▶ [EXERCISE GOAL]: Here is the task for the records below: repeat exactly the lines from the one with "for name, pattern" to the one with "color=2, linetype='Continuous', lineweight=50)", both included, and nothing else.
--- RECORDS SUPPLIED Enclosed Below ---
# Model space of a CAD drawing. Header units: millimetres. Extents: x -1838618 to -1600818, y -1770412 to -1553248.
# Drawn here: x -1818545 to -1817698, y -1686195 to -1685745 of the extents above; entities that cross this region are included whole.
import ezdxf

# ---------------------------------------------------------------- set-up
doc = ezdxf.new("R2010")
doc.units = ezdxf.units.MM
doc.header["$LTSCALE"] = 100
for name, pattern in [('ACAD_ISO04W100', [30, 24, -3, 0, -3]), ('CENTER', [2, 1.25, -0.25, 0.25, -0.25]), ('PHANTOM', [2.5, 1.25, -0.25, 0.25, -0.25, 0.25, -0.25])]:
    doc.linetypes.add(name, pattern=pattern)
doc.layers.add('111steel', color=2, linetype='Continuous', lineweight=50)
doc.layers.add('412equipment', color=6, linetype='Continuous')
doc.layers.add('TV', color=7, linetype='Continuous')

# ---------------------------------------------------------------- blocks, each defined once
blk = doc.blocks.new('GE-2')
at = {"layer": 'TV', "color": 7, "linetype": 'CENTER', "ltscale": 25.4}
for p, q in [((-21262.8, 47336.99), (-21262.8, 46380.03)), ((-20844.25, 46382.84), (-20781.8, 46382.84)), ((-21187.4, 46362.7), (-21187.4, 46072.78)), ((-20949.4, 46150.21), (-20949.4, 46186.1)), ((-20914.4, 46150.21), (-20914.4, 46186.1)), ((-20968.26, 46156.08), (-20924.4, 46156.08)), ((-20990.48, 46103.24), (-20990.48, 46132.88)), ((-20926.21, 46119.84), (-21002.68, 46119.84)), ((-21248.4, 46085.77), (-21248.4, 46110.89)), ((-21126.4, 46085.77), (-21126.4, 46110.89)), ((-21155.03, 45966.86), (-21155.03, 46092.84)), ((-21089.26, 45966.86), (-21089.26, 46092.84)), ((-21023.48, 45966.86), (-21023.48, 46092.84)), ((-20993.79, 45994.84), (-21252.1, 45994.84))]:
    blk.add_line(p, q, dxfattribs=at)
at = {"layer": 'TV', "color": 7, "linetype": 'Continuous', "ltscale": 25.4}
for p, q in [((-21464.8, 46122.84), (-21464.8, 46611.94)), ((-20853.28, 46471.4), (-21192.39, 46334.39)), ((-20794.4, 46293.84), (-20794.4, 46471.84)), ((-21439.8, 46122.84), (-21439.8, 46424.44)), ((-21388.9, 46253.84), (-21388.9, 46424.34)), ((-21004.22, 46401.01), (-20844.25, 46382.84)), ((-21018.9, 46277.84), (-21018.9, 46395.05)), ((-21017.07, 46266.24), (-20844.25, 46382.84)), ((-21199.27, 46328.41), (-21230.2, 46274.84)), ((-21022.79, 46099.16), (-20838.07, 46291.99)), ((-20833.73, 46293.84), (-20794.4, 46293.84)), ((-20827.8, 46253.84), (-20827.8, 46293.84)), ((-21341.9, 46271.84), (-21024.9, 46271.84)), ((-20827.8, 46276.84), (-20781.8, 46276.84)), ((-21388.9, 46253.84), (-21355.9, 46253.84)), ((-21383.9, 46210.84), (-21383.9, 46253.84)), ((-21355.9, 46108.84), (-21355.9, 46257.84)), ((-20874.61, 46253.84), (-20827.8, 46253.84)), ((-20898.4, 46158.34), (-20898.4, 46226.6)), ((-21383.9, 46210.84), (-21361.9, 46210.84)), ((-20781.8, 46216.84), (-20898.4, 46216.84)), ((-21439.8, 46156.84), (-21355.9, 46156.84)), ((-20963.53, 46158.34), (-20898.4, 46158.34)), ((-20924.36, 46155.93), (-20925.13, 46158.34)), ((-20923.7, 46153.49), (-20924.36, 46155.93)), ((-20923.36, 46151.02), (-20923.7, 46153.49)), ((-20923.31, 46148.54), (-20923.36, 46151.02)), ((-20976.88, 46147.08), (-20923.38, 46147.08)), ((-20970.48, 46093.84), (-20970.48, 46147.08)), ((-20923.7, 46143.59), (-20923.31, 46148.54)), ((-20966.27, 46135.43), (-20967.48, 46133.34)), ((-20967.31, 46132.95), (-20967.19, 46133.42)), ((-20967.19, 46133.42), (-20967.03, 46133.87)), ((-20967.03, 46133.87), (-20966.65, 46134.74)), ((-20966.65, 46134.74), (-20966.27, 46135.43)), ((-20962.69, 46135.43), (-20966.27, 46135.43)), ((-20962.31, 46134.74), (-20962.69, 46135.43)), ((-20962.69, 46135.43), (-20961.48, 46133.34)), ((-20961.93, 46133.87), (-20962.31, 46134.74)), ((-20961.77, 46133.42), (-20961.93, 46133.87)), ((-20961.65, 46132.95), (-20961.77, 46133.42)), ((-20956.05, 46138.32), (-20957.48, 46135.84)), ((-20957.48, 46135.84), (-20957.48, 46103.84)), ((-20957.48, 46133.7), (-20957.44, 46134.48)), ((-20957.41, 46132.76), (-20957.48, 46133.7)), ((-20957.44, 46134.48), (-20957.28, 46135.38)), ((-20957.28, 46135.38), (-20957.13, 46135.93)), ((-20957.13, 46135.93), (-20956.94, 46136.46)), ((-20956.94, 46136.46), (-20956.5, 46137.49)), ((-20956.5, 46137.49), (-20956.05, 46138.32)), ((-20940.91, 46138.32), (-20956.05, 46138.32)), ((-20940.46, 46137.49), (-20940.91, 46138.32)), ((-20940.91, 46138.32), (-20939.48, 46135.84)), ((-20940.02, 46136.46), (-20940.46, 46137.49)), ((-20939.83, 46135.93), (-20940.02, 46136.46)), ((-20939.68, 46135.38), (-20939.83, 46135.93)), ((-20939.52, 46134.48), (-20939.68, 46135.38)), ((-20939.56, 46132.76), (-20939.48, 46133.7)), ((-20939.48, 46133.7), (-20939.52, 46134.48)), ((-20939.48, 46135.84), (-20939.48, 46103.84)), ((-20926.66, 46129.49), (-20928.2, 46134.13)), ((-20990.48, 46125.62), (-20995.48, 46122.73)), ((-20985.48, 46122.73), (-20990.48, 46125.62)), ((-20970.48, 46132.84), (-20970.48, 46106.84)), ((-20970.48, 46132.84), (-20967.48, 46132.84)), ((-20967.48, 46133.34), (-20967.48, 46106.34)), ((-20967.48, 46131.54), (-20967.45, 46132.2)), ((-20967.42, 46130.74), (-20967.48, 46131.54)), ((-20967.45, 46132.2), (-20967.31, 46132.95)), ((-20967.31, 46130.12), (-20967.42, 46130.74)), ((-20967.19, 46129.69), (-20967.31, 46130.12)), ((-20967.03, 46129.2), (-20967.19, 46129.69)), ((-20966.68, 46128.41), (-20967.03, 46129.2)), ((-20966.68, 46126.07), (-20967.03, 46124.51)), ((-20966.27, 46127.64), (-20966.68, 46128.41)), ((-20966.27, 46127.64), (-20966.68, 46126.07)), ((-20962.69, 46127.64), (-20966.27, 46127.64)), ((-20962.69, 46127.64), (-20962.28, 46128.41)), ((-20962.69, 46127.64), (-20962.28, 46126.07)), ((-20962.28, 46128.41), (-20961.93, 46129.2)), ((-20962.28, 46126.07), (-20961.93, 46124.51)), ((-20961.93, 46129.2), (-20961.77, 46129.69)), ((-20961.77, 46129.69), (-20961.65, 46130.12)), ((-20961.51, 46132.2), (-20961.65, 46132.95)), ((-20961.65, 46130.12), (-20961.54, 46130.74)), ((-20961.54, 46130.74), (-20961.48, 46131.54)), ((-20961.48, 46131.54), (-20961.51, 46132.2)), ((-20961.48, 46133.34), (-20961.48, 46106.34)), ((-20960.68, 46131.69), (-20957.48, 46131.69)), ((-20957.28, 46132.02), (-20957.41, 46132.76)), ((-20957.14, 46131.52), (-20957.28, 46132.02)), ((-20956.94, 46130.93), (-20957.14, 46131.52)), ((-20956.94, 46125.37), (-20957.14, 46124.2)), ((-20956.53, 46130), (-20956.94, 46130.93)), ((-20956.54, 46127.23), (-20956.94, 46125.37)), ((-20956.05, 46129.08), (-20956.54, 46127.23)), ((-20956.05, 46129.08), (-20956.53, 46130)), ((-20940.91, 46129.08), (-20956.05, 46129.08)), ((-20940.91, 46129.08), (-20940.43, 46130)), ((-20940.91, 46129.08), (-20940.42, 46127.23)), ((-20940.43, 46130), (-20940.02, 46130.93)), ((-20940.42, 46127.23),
--- End of Enclosed RECORDS SUPPLIED ---
▶ [SOLUTION FOR THIS TASK]:
for name, pattern in [('ACAD_ISO04W100', [30, 24, -3, 0, -3]), ('CENTER', [2, 1.25, -0.25, 0.25, -0.25]), ('PHANTOM', [2.5, 1.25, -0.25, 0.25, -0.25, 0.25, -0.25])]:
    doc.linetypes.add(name, pattern=pattern)
doc.layers.add('111steel', color=2, linetype='Continuous', lineweight=50)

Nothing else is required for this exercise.